It's the next morning, and Charlie has just come into his grandparents' room with his annual birthday candy bar. His family waits eagerly for him to open it, but Charlie is reluctant, fearing the disappointment that's almost certainly in store. Everyone tries to cheer him up in advance. The odds are incredibly small. The candy will still taste good. Still, they—like Charlie—know the chance is there ...

Charlie tears off a small corner of the paper, then quickly rips it down the middle. A plain, ticket-less chocolate bar falls into his lap. Charlie smiles sadly and offers his family a bite. "I want everybody to taste it." But his elders refuse, and his mother sends her disappointed son to school.

Analysis

A less skilled author might have had Charlie find a Golden Ticket in his birthday chocolate bar, but Dahl knows how to create realistic suspense. First, he has Charlie's elders remind the boy he has no real chance, which is just the kind of thing adults would say. Then he takes readers inside the adults' heads: like Charlie, they can't help thinking the Golden Ticket might be there. Since they know there's a slight chance, they become impatient with Charlie for stalling. "Please open it," says Grandma Georgina. "You're making me jumpy"—as if her nervousness is Charlie's fault!

The adults' reaction is very well done. "That's that! It's just what we expected," says Grandpa Joe brightly. The grandparents watch Charlie intently, hoping he's not disappointed.

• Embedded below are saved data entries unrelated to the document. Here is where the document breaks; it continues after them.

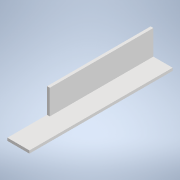
# Autodesk Inventor part: base
Saved by Autodesk Inventor 2020.2 (Build 242310000, 310)
## iProperties
Created: 2020-01-21
Part Number: base
Material: Generic
Document SubType Name: Modeling
Designer: robst
Density: 1 g/cm^3
Appearance: Default
Author: robst
Autodesk Inventor part; units mm, degrees
ref_plane "YZ Plane" through (0, 0, 0) normal (1, 0, 0) x (0, 1, 0)
ref_plane "XZ Plane" through (0, 0, 0) normal (0, 1, 0) x (-1, 0, 0)
ref_plane "XY Plane" through (0, 0, 0) normal (0, 0, 1) x (1, 0, 0)
sketch "Sketch1" plane through (0, 0, 0) normal (0, 0, 1) x (1, 0, 0)
  line L0 (0, 0) -> (50.8, 0)
  line L1 (0, 0) -> (0, 63.5)
  line L2 (0, 63.5) -> (6.35, 63.5)
  line L3 (6.35, 63.5) -> (6.35, 6.35)
  line L4 (6.35, 6.35) -> (50.8, 6.35)
  line L5 (50.8, 6.35) -> (50.8, 0)
  dimension "d0" = 50.8
  dimension "d1" = 63.5
  dimension "d2" = 6.35
  dimension "d3" = 6.35
  constraints: 12 end point, 4 perpendicular, 1 horizontal, 1 vertical
  measures "d0" distance of L0.start L0.end
  measures "d1" distance of L0.start L1.end
  measures "d2" distance of L1.end L2.end
  measures "d3" distance between parallel lines of L0 L4
extrude "Extrusion1" add sketch "Sketch1" along normal mid plane 330.2
sketch "Sketch3" plane through (6.35, 6.35, 165.1) normal (1, 0, 0) x (0, 0, -1)
  line L0 (0, 0) -> (0, 57.15) projected
  line L1 (330.2, 57.15) -> (0, 57.15) projected
  line L2 (0, 0) -> (91.44, 0)
  line L3 (91.44, 0) -> (91.44, 57.15)
  line L4 (91.44, 57.15) -> (0, 57.15)
  line L5 (0, 57.15) -> (0, 0)
  point P0 (165.1, -6.35)
  dimension "d6" = 91.44
  constraints: 8 end point, 2 parallel, 1 horizontal, 1 perpendicular, 1 point on line
  measures "d6" distance between parallel lines of L3 L0
extrude "Extrusion2" cut sketch "Sketch3" against normal through all
body "Solid1"
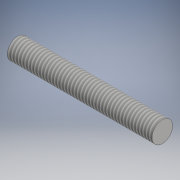
# Autodesk Inventor part: Forefingers Rod4
Saved by Autodesk Inventor 2017 (Build 210142000, 142)
## iProperties
Created: 2017-11-01
Part Number: Forefingers Rod4
Material: Generic
Document SubType Name: Modeling
Designer: julie
Density: 1 g/cm^3
Appearance: Default
Author: julie
Autodesk Inventor part; units mm, degrees
ref_plane "YZ Plane" through (0, 0, 0) normal (1, 0, 0) x (0, 1, 0)
ref_plane "XZ Plane" through (0, 0, 0) normal (0, 1, 0) x (-1, 0, 0)
ref_plane "XY Plane" through (0, 0, 0) normal (0, 0, 1) x (1, 0, 0)
sketch "Sketch1" plane through (0, 0, 0) normal (1, 0, 0) x (0, 1, 0)
  circle A0 centre (0, 0) radius 2.5
  dimension "d0" = 5
  constraints: 1 centre point, 1 coincident
  measures "d0" diameter of A0
extrude "Extrusion1" add sketch "Sketch1" along normal blind 35
thread "Thread1" size "3/8-32 UNEF" class "2A" standard "ANSI Unified Screw Threads" full length
body "Solid1"
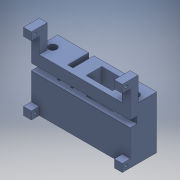
# Autodesk Inventor part: SupportPlateau
Saved by Autodesk Inventor 2017 SP1 (Build 210196100, 196)
## iProperties
Created: 2017-10-26
Part Number: SupportPlateau
Material: PC/ABS Plastic
Document SubType Name: Modeling
Designer: Biscuit
Density: 0.357273 g/cm^3
Appearance: Rubber - Blue
Author: Biscuit
Autodesk Inventor part; units mm, degrees
ref_plane "YZ Plane" through (0, 0, 0) normal (1, 0, 0) x (0, 1, 0)
ref_plane "XZ Plane" through (0, 0, 0) normal (0, 1, 0) x (-1, 0, 0)
ref_plane "XY Plane" through (0, 0, 0) normal (0, 0, 1) x (1, 0, 0)
sketch "Sketch3" plane through (0, 0, 0) normal (0, 0, 1) x (1, 0, 0)
  line L0 (0, 0) -> (75, 0)
  line L1 (75, 0) -> (75, 20)
  line L2 (75, 20) -> (0, 20)
  line L3 (0, 20) -> (0, 0)
  circle A0 centre (6.25, 10) radius 3
  circle A1 centre (68.75, 10) radius 3
  line L4 (37.5, 16) -> (57.5, 16)
  line L5 (57.5, 16) -> (57.5, 4)
  line L6 (57.5, 4) -> (37.5, 4)
  line L7 (37.5, 4) -> (37.5, 16)
  dimension "d19" = 20
  dimension "d20" = 75
  dimension "d21" = 6
  dimension "d22" = 6
  dimension "d23" = 10
  dimension "d24" = 10
  dimension "d25" = 62.5
  dimension "d26" = 6.25
  dimension "d30" = 12
  dimension "d31" = 20
  dimension "d32" = 4
  dimension "d33" = 17.5
  constraints: 16 end point, 4 parallel, 2 centre point, 2 horizontal, 2 perpendicular
  measures "d19" distance of L2.end L0.start
  measures "d20" distance of L1.end L2.end
  measures "d21" diameter of A0
  measures "d22" diameter of A1
  measures "d23" distance from line of L0 A0.centre
  measures "d24" distance from line of L0 A1.centre
  measures "d25" distance of A1.centre A0.centre
  measures "d26" distance from line of L3 A0.centre
  measures "d30" distance of L6.end L4.start
  measures "d31" distance of L4.start L4.end
  measures "d32" distance between parallel lines of L2 L4
  measures "d33" distance between parallel lines of L1 L5
extrude "Extrusion3" add sketch "Sketch3" along normal blind 40
sketch "Sketch4" plane through (0, 20, 0) normal (0, 1, 0) x (1, 0, 0)
  line L0 (0, 0) -> (75, 0) projected
  line L1 (27.5, -40) -> (27.5, -20)
  line L2 (27.5, -20) -> (15.5, -20)
  line L3 (15.5, -20) -> (15.5, -32)
  line L4 (15.5, -32) -> (23.5, -32)
  line L5 (23.5, -32) -> (23.5, -40)
  line L6 (17.5, -22) -> (25.5, -22)
  line L7 (25.5, -22) -> (25.5, -30)
  line L8 (25.5, -30) -> (17.5, -30)
  line L9 (17.5, -30) -> (17.5, -22)
  line L10 (23.5, -40) -> (27.5, -40)
  line L11 (0, 0) -> (0, -40) projected
  line L12 (75, -40) -> (0, -40) projected
  line L13 (75, 0) -> (75, -40) projected
  line L14 (27.5, 0) -> (27.5, -20)
  line L15 (15.5, -20) -> (15.5, -8)
  line L16 (15.5, -8) -> (23.5, -8)
  line L17 (23.5, -8) -> (23.5, 0)
  line L18 (17.5, -18) -> (25.5, -18)
  line L19 (25.5, -18) -> (25.5, -10)
  line L20 (25.5, -10) -> (17.5, -10)
  line L21 (17.5, -10) -> (17.5, -18)
  line L22 (23.5, 0) -> (27.5, 0)
  dimension "d34" = 2
  dimension "d35" = 2
  dimension "d36" = 2
  dimension "d37" = 2
  dimension "d38" = 4
  dimension "d39" = 32
  dimension "d40" = 8
  dimension "d41" = 8
  dimension "d42" = 27.5
  dimension "d43" = 40
  constraints: 38 end point, 8 symmetric about line, 5 perpendicular, 2 parallel
  measures "d34" distance between parallel lines of L1 L7
  measures "d35" distance between parallel lines of L3 L9
  measures "d36" distance between parallel lines of L2 L6
  measures "d37" distance between parallel lines of L4 L8
  measures "d38" distance between parallel lines of L1 L5
  measures "d39" distance between parallel lines of L0 L4
  measures "d40" distance between parallel lines of L7 L9
  measures "d41" distance between parallel lines of L8 L6
  measures "d42" distance between parallel lines of L11 L1
  measures "d43" distance between parallel lines of L0 L12
extrude "Extrusion4" cut sketch "Sketch4" against normal blind 16 contours L0 L14 L2 L15 L16 L17 | L5 L4 L3 L2 L1 L10
sketch "Sketch5" plane through (0, 0, 0) normal (0, -1, 0) x (1, 0, 0)
  line L0 (0, 0) -> (75, 0) projected
  line L1 (0, 40) -> (75, 40) projected
  line L2 (75, 0) -> (75, 40) projected
  line L3 (0, 0) -> (0, 40) projected
  line L4 (0, 40) -> (6, 40)
  line L5 (6, 40) -> (6, 58)
  line L6 (6, 58) -> (0, 58)
  line L7 (0, 58) -> (0, 40)
  line L8 (75, 40) -> (69, 40)
  line L9 (69, 40) -> (69, 58)
  line L10 (69, 58) -> (75, 58)
  line L11 (75, 58) -> (75, 40)
  dimension "d46" = 40
  dimension "d47" = 75
  dimension "d48" = 6
  dimension "d49" = 18
  dimension "d79" = 6
  dimension "d80" = 18
  constraints: 16 end point, 4 parallel, 2 horizontal, 2 perpendicular
  measures "d46" distance between parallel lines of L0 L1
  measures "d47" distance between parallel lines of L2 L3
  measures "d48" distance of L5.end L6.end
  measures "d49" distance of L6.end L1.start
  measures "d79" distance of L9.end L10.end
  measures "d80" distance of L8.end L9.end
extrude "Extrusion5" add sketch "Sketch5" against normal blind 6 contours L7 L6 L5 L1 | L1 L9 L10 L11
sketch "Sketch6" plane through (0, 0, 0) normal (0, -1, 0) x (1, 0, 0)
  line L0 (6, 58) -> (0, 58) projected
  line L1 (0, 40) -> (0, 58) projected
  line L2 (6, 58) -> (0, 58)
  line L3 (0, 58) -> (0, 52)
  line L4 (0, 52) -> (6, 52)
  line L5 (6, 52) -> (6, 58)
  line L6 (0, 0) -> (0, 40) projected
  line L7 (0, 0) -> (6, 0)
  line L8 (6, 0) -> (6, 6)
  line L9 (6, 6) -> (0, 6)
  line L10 (0, 6) -> (0, 0)
  line L11 (75, 0) -> (75, 40) projected
  line L12 (75, 0) -> (69, 0)
  line L13 (69, 0) -> (69, 6)
  line L14 (69, 6) -> (75, 6)
  line L15 (75, 6) -> (75, 0)
  line L16 (75, 0) -> (75, 58) projected
  line L17 (69, 40) -> (69, 58) projected
  line L18 (75, 58) -> (69, 58)
  line L19 (69, 58) -> (69, 52)
  line L20 (69, 52) -> (75, 52)
  line L21 (75, 52) -> (75, 58)
  dimension "d52" = 6
  dimension "d53" = 6
  dimension "d54" = 6
  dimension "d81" = 6
  dimension "d82" = 6
  dimension "d83" = 6
  constraints: 32 end point, 8 parallel, 4 horizontal, 4 perpendicular, 2 point on line
  measures "d52" distance between parallel lines of L0 L4
  measures "d53" distance of L8.end L9.end
  measures "d54" distance of L7.end L8.end
  measures "d81" distance of L18.end L19.end
  measures "d82" distance of L13.end L14.end
  measures "d83" distance of L12.end L13.end
extrude "Extrusion6" add sketch "Sketch6" along normal blind 6
sketch "Sketch7" plane through (0, 6, 58) normal (0, 0, 1) x (1, 0, 0)
  circle A0 centre (3, -9) radius 1
  line L0 (0, 0) -> (0, -12) projected
  line L1 (6, 0) -> (6, -12) projected
  line L2 (6, -12) -> (0, -12) projected
  line L3 (6, -6) -> (69, -6) projected
  line L4 (75, 0) -> (75, -12) projected
  line L5 (69, 0) -> (75, 0) projected
  line L6 (69, 0) -> (69, -12) projected
  line L7 (75, -12) -> (69, -12) projected
  circle A1 centre (72, -9) radius 1
  point P0 (0, -6)
  point P1 (75, -6)
  dimension "d57" = 2
  dimension "d58" = 6
  dimension "d59" = 6
  dimension "d60" = 3
  dimension "d61" = 3
  dimension "d84" = 2
  dimension "d85" = 3
  dimension "d86" = 3
  constraints: 2 centre point
  measures "d57" diameter of A0
  measures "d58" distance between parallel lines of L0 L1
  measures "d59" distance between parallel lines of L2 L3
  measures "d60" distance from line of L2 A0.centre
  measures "d61" distance from line of L1 A0.centre
  measures "d84" diameter of A1
  measures "d85" distance from line of L7 A1.centre
  measures "d86" distance from line of L4 A1.centre
extrude "Extrusion7" [suppressed]
sketch "Sketch8" plane through (75, 20, 40) normal (0, 1, 0) x (1, 0, 0)
  circle A0 centre (-15.75, 12) radius 1
  line L0 (-47.5, 40) -> (-47.5, 0) projected
  line L1 (0, 0) -> (-47.5, 0) projected
  line L2 (0, 40) -> (0, 0) projected
  line L3 (0, 40) -> (-47.5, 40) projected
  circle A1 centre (-31.75, 12) radius 1
  circle A2 centre (-15.75, 28) radius 1
  circle A3 centre (-31.75, 28) radius 1
  point P0 (-75, 40)
  dimension "d64" = 2
  dimension "d67" = 16
  dimension "d70" = 16
  dimension "d73" = 15.75
  dimension "d74" = 47.5
  dimension "d75" = 40
  dimension "d76" = 12
  constraints: 4 centre point, 1 horizontal, 1 vertical, 6 other
  measures "d64" diameter of A0
  measures "d67" distance of A0.centre A1.centre
  measures "d70" distance of A0.centre A2.centre
  measures "d73" distance from line of L2 A0.centre
  measures "d74" distance of L1.start L0.end
  measures "d75" distance of L2.start L1.start
  measures "d76" distance from line of L1 A0.centre
extrude "Extrusion8" cut sketch "Sketch8" against normal blind 5 contours A0 | A1 | A2 | A3
sketch "Esquisse9" plane through (75, 20, 40) normal (1, 0, 0) x (0, 0, -1)
  circle A0 centre (-15, -23) radius 1
  circle A1 centre (37, -23) radius 1
  line L0 (40, 0) -> (40, -26) projected
  line L1 (40, 0) -> (0, 0) projected
  line L2 (0, -14) -> (0, 0) projected
  line L3 (-18, -14) -> (0, -14) projected
  line L4 (-18, -14) -> (-18, -26) projected
  line L5 (-12, -26) -> (-18, -26) projected
  line L6 (-12, -20) -> (-12, -26) projected
  line L7 (34, -20) -> (-12, -20) projected
  line L8 (34, -20) -> (34, -26) projected
  line L9 (40, -26) -> (34, -26) projected
  point P0 (40, -20)
  dimension "d87" = 2
  dimension "d88" = 2
  dimension "d89" = 6
  dimension "d90" = 6
  dimension "d91" = 3
  dimension "d92" = 3
  dimension "d93" = 6
  dimension "d94" = 6
  dimension "d95" = 3
  dimension "d96" = 3
  constraints: 2 centre point
  measures "d87" diameter of A0
  measures "d88" diameter of A1
  measures "d89" distance of L5.start L4.end
  measures "d90" distance of L6.start L5.start
  measures "d91" distance from line of L6 A0.centre
  measures "d92" distance from line of L5 A0.centre
  measures "d93" distance of L0.end L8.end
  measures "d94" distance of L7.start L8.end
  measures "d95" distance from line of L0 A1.centre
  measures "d96" distance from line of L9 A1.centre
extrude "Extrusion9" cut sketch "Esquisse9" against normal through all contours A0 | A1
sketch "Esquisse10" plane through (6, 0, 40) normal (0, -1, 0) x (1, 0, 0)
  line L0 (69, 12) -> (63, 12) projected
  line L1 (63, 12) -> (63, 0) projected
  line L2 (0, 0) -> (63, 0) projected
  line L3 (0, 0) -> (0, 12) projected
  line L4 (0, 12) -> (-6, 12) projected
  line L5 (-6, -34) -> (-6, 12) projected
  line L6 (-6, -34) -> (0, -34) projected
  line L7 (0, -34) -> (0, -40) projected
  line L8 (0, -40) -> (63, -40) projected
  line L9 (63, -40) -> (63, -34) projected
  line L10 (63, -34) -> (69, -34) projected
  line L11 (69, -34) -> (69, 12) projected
  line L12 (69, -34) -> (69, 12) projected
  line L13 (-6, -8.5) -> (69, -8.5)
  line L14 (69, -8.5) -> (69, -13.5)
  line L15 (69, -13.5) -> (-6, -13.5)
  line L16 (-6, -13.5) -> (-6, -8.5)
  point P0 (-6, -40)
  dimension "d99" = 5
  dimension "d100" = 46
  dimension "d101" = 20.5
  constraints: 8 end point, 2 parallel, 2 point on line, 1 horizontal, 1 perpendicular
  measures "d99" distance between parallel lines of L15 L13
  measures "d100" distance between parallel lines of L4 L6
  measures "d101" distance between parallel lines of L4 L13
extrude "Extrusion10" cut sketch "Esquisse10" against normal blind 5 contours L11 L15 L5 L13
equation "\"d22\" = d21"
equation "\"d23\" = 0.5 * d19"
equation "\"d24\" = 0.5 * d19"
equation "\"d26\" = 0.5 * d20 - 0.5 * d25"
equation "\"d32\" = 0.5 * d19 - 0.5 * d30"
equation "\"d33\" = 0.5 * d20 - d31"
equation "\"d35\" = d34"
equation "\"d36\" = d34"
equation "\"d37\" = d34"
equation "\"d38\" = 2 * d34"
equation "\"d40\" = 4 * d34"
equation "\"d41\" = 4 * d34"
equation "\"d79\" = d48"
equation "\"d80\" = d49"
equation "\"d81\" = d52"
equation "\"d82\" = d53"
equation "\"d83\" = d54"
equation "\"d60\" = 0.5 * d59"
equation "\"d61\" = 0.5 * d58"
equation "\"d84\" = d57"
equation "\"d85\" = d60"
equation "\"d86\" = d61"
equation "\"d73\" = 0.5 * d74 - 0.5 * d67"
equation "\"d76\" = 0.5 * d75 - 0.5 * d70"
equation "\"d88\" = d87"
equation "\"d91\" = 0.5 * d89"
equation "\"d92\" = 0.5 * d90"
equation "\"d95\" = 0.5 * d93"
equation "\"d96\" = 0.5 * d94"
equation "\"d101\" = 0.5 * d100 - 0.5 * d99"
body "Solid2"
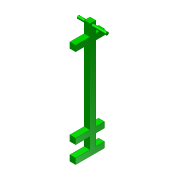
# Autodesk Inventor part: InnerTelescopeMockup
Saved by Autodesk Inventor 2012 (Build 160160000, 160)
## iProperties
Created: 2013-01-12
Part Number: InnerTelescopeMockup
Material: Default
Document SubType Name: Modeling
Designer: JesseK
Density: 1 g/cm^3
Author: JesseK
Autodesk Inventor part; units mm, degrees
ref_plane "YZ Plane" through (0, 0, 0) normal (1, 0, 0) x (0, 1, 0)
ref_plane "XZ Plane" through (0, 0, 0) normal (0, 1, 0) x (-1, 0, 0)
ref_plane "XY Plane" through (0, 0, 0) normal (0, 0, 1) x (1, 0, 0)
sketch "Sketch2" plane through (0, 0, 0) normal (0, 1, 0) x (-1, 0, 0)
  line L0 (0, 0) -> (25.4, 0)
  line L1 (25.4, 0) -> (25.4, 25.4)
  line L2 (25.4, 25.4) -> (0, 25.4)
  line L3 (0, 25.4) -> (0, 0)
  dimension "d0" = 25.4
  dimension "d1" = 25.4
  constraints: 8 end point, 2 parallel, 1 horizontal, 1 perpendicular
  measures "d0" distance of L2.end L0.start
  measures "d1" distance of L0.start L0.end
extrude "Extrusion1" add sketch "Sketch2" along normal blind 508
sketch "Sketch3" plane through (0, 0, 25.4) normal (1, 0, 0) x (0, 0, -1)
  line L0 (25.4, 508) -> (0, 508) projected
  line L1 (25.4, 0) -> (25.4, 508) projected
  circle A0 centre (12.7, 495.3) radius 6.35
  dimension "d4" = 12.7
  dimension "d5" = 12.7
  dimension "d6" = 12.7
  constraints: 1 centre point
  measures "d4" diameter of A0
  measures "d5" distance from line of L1 A0.centre
  measures "d6" distance from line of L0 A0.centre
extrude "Extrusion2" add sketch "Sketch3" along normal mid plane 127
sketch "Sketch4" plane through (-25.4, 0, 25.4) normal (0, 0, 1) x (1, 0, 0)
  line L0 (25.4, 508) -> (0, 508) projected
  line L1 (0, 0) -> (0, 508) projected
  line L2 (0, 0) -> (25.4, 0) projected
  line L3 (25.4, 0) -> (25.4, 508) projected
  line L4 (0, 457.2) -> (25.4, 457.2)
  line L5 (25.4, 457.2) -> (25.4, 431.8)
  line L6 (25.4, 431.8) -> (0, 431.8)
  line L7 (0, 431.8) -> (0, 457.2)
  line L8 (0, 101.6) -> (25.4, 101.6)
  line L9 (25.4, 101.6) -> (25.4, 76.2)
  line L10 (25.4, 76.2) -> (0, 76.2)
  line L11 (0, 76.2) -> (0, 101.6)
  line L12 (0, 0) -> (25.4, 0)
  line L13 (25.4, 0) -> (25.4, 25.4)
  line L14 (25.4, 25.4) -> (0, 25.4)
  line L15 (0, 25.4) -> (0, 0)
  dimension "d9" = 25.4
  dimension "d10" = 50.8
  dimension "d11" = 25.4
  dimension "d13" = 330.2
  dimension "d14" = 381
  dimension "d17" = 25.4
  dimension "d18" = 101.6
  constraints: 24 end point, 6 parallel, 6 point on line, 3 horizontal, 3 perpendicular
  measures "d9" distance of L5.end L4.end
  measures "d10" distance between parallel lines of L0 L4
  measures "d11" distance of L10.end L8.start
  measures "d13" distance between parallel lines of L8 L6
  measures "d14" distance between parallel lines of L10 L4
  measures "d17" distance of L14.end L1.start
  measures "d18" distance between parallel lines of L8 L2
extrude "Extrusion3" add sketch "Sketch4" along normal mid plane 127 contours L3 L6 L1 L4 | L3 L10 L1 L8 | L3 L2 L1 L14
body "Solid1"
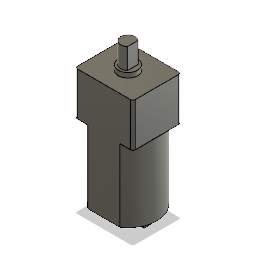
Pulley (Autodesk Fusion 360 archive; units mm, degrees)
design "VE508 Small Gear Motor"
Autodesk Fusion 360 part; units mm, degrees
sketch "Sketch1" plane through (0, 0, 0) normal (0, 1, 0) x (1, 0, 0) in component "Motor"
  line L0 (6, 5) -> (-6, 5)
  line L1 (-6, 5) -> (-6, -5)
  line L2 (-6, -5) -> (6, -5)
  line L3 (6, -5) -> (6, 5)
  line L4 (6, 5) -> (-6, -5) construction
  line L5 (-6, 5) -> (6, -5) construction
  dimension "d1" = 10
  dimension "d2" = 12
  constraint perpendicular L0 L1
  constraint parallel L0 L2
  constraint parallel L1 L3
  constraint horizontal L0
  constraint coincident L4 origin
  constraint coincident L5 origin
  measures "d1" distance of L0.end L1.end
  measures "d2" distance of L0.start L0.end
extrude "Extrude1" add sketch "Sketch1" against normal blind 9 makes body 1 in component "Motor"
sketch "Sketch2" plane through (0, -9, 0) normal (0, -1, 0) x (1, 0, 0) in component "Motor"
  line L0 (6, -5) -> (6, 5)
  line L1 (6, 5) -> (-6, 5)
  line L2 (-6, 5) -> (-6, -5)
  line L3 (-6, -5) -> (6, -5)
  circle A0 centre (0, 0) radius 6
  constraint coincident A0.centre origin
  constraint tangent L0 A0
extrude "Extrude2" add sketch "Sketch2" along normal blind 15 contours L1 L3 A0 bodies 1 in component "Motor"
sketch "Sketch3" plane through (0, -24, 0) normal (0, -1, 0) x (1, 0, 0) in component "Motor"
  arc A0 (3.3166, -5) -> (3.3166, 5) centre (0, 0) ccw
  line L0 (3.3166, 5) -> (-3.3166, 5)
  arc A1 (-3.3166, 5) -> (-3.3166, -5) centre (0, 0) ccw
  line L1 (-3.3166, -5) -> (3.3166, -5)
  circle A2 centre (0, 0) radius 2.5
  line L2 (-4, 0) -> (4, 0) construction
  line L3 (0, 5) -> (0, -5) construction
  line L4 (-4, 0.75) -> (-3.65, 0.75)
  line L5 (-3.65, 0.75) -> (-3.65, -0.75)
  line L6 (-3.65, -0.75) -> (-4, -0.75)
  line L7 (-4, -0.75) -> (-4, 0.75)
  line L8 (3.65, -0.75) -> (4, -0.75)
  line L9 (4, -0.75) -> (4, 0.75)
  line L10 (3.65, 0.75) -> (3.65, -0.75)
  line L11 (4, 0.75) -> (3.65, 0.75)
  dimension "d7" = 5
  dimension "d10" = 8
  dimension "d11" = 0.35
  dimension "d12" = 1.5
  constraint concentric A0 A2
  constraint horizontal L2
  constraint coincident A0.centre L2
  constraint midpoint L0 L3.start
  constraint midpoint L1 L3.end
  constraint symmetric L2.start L2.end L3
  constraint horizontal L4
  constraint vertical L5
  constraint horizontal L6
  constraint vertical L7
  constraint coincident L2.start L7
  constraint symmetric L2 L4 L6
  constraint symmetric L3 L4.start L9.end
  constraint symmetric L3 L4.end L10.start
  constraint symmetric L3 L5.end L8.start
  constraint symmetric L3 L6.end L8.end
  measures "d7" diameter of A2
  measures "d10" distance of L2.start L2.end
  measures "d11" distance of L5.end L6.end
  measures "d12" distance of L4.start L6.end
extrude "Extrude4" add sketch "Sketch3" along normal blind 2 contours L4 L5 L6 L7 | L8 L9 L10 L11 bodies 1 in component "Motor"
extrude "Extrude3" add sketch "Sketch3" along normal blind 1 contours A2 bodies 1 in component "Motor"
fillet "Fillet1" radius 0.5 4 edges at (6, -4.5, -5) (-6, -4.5, -5) (-6, -4.5, 5) (6, -4.5, 5) on bodies 1 in component "Motor"
sketch "Sketch4" plane through (0, 0, 0) normal (0, 1, 0) x (-1, 0, 0) in component "Motor"
  arc A0 (-5.5, 5) -> (-6, 4.5) centre (-5.5, 4.5) ccw
  line L0 (-6, 4.5) -> (-6, -4.5)
  arc A1 (-6, -4.5) -> (-5.5, -5) centre (-5.5, -4.5) ccw
  line L1 (-5.5, -5) -> (5.5, -5)
  arc A2 (5.5, -5) -> (6, -4.5) centre (5.5, -4.5) ccw
  line L2 (6, -4.5) -> (6, 4.5)
  arc A3 (6, 4.5) -> (5.5, 5) centre (5.5, 4.5) ccw
  line L3 (5.5, 5) -> (-5.5, 5)
  circle A4 centre (0, 0) radius 2
  dimension "d16" = 4
  constraint coincident A4.centre origin
  measures "d16" diameter of A4
extrude "Extrude5" add sketch "Sketch4" along normal blind 1 contours A4 bodies 1 in component "Motor"
sketch "Sketch5" plane through (0, 1, 0) normal (0, 1, 0) x (-1, 0, 0) in component "Motor"
  circle A0 centre (0, 0) radius 2
  circle A1 centre (0, 0) radius 1.5
  line L0 (-1, -1.118) -> (-1, 1.118)
  line L1 (3.3166, -5) -> (-3.3166, -5) construction
  line L2 (5.5, 5) -> (-5.5, 5) construction
  line L3 (1.5, -5) -> (1.5, 5) construction
  dimension "d19" = 3
  dimension "d20" = 2.5
  constraint concentric A0 A1
  constraint coincident A1 L0.start
  constraint coincident A1 L0.end
  constraint coincident L1 L3.start
  constraint coincident L2 L3.end
  constraint tangent A1 L3
  constraint perpendicular L2 L3
  measures "d19" diameter of A1
  measures "d20" distance of L0 L3
extrude "Extrude6" add sketch "Sketch5" along normal blind 4.3 separate body contours A1 L0 picked at (-0.4625, 0.4564) makes body 2 in component "Motor"
copy_body "CutPasteBodies1" bodies 2 removing the originals makes body 3 in component "Rotor"
component "Motor" placed x (1, 0, 0) y (0, 1, 0) z (0, 0, 1) at (0, 0, 0)
component "Rotor" placed x (1, 0, 0) y (0, 1, 0) z (0, 0, 1) at (0, 0, 0)

Charlie is disappointed, of course, but his response is almost saintly: he tries to share the bar with his family. Following in the tradition of the lowly hero of many folk tales, Charlie's humility and true goodness set him apart from his peers. This is a poignant moment. Charlie wants to cheer up his elders, but his offer to share the candy also shows his level of disappointment. This birthday chocolate bar usually means everything to Charlie, but even chocolate seems less important than a Golden Ticket. Without a ticket even chocolate is meaningless. Dahl has managed to convey a lot of emotions in a very compact space.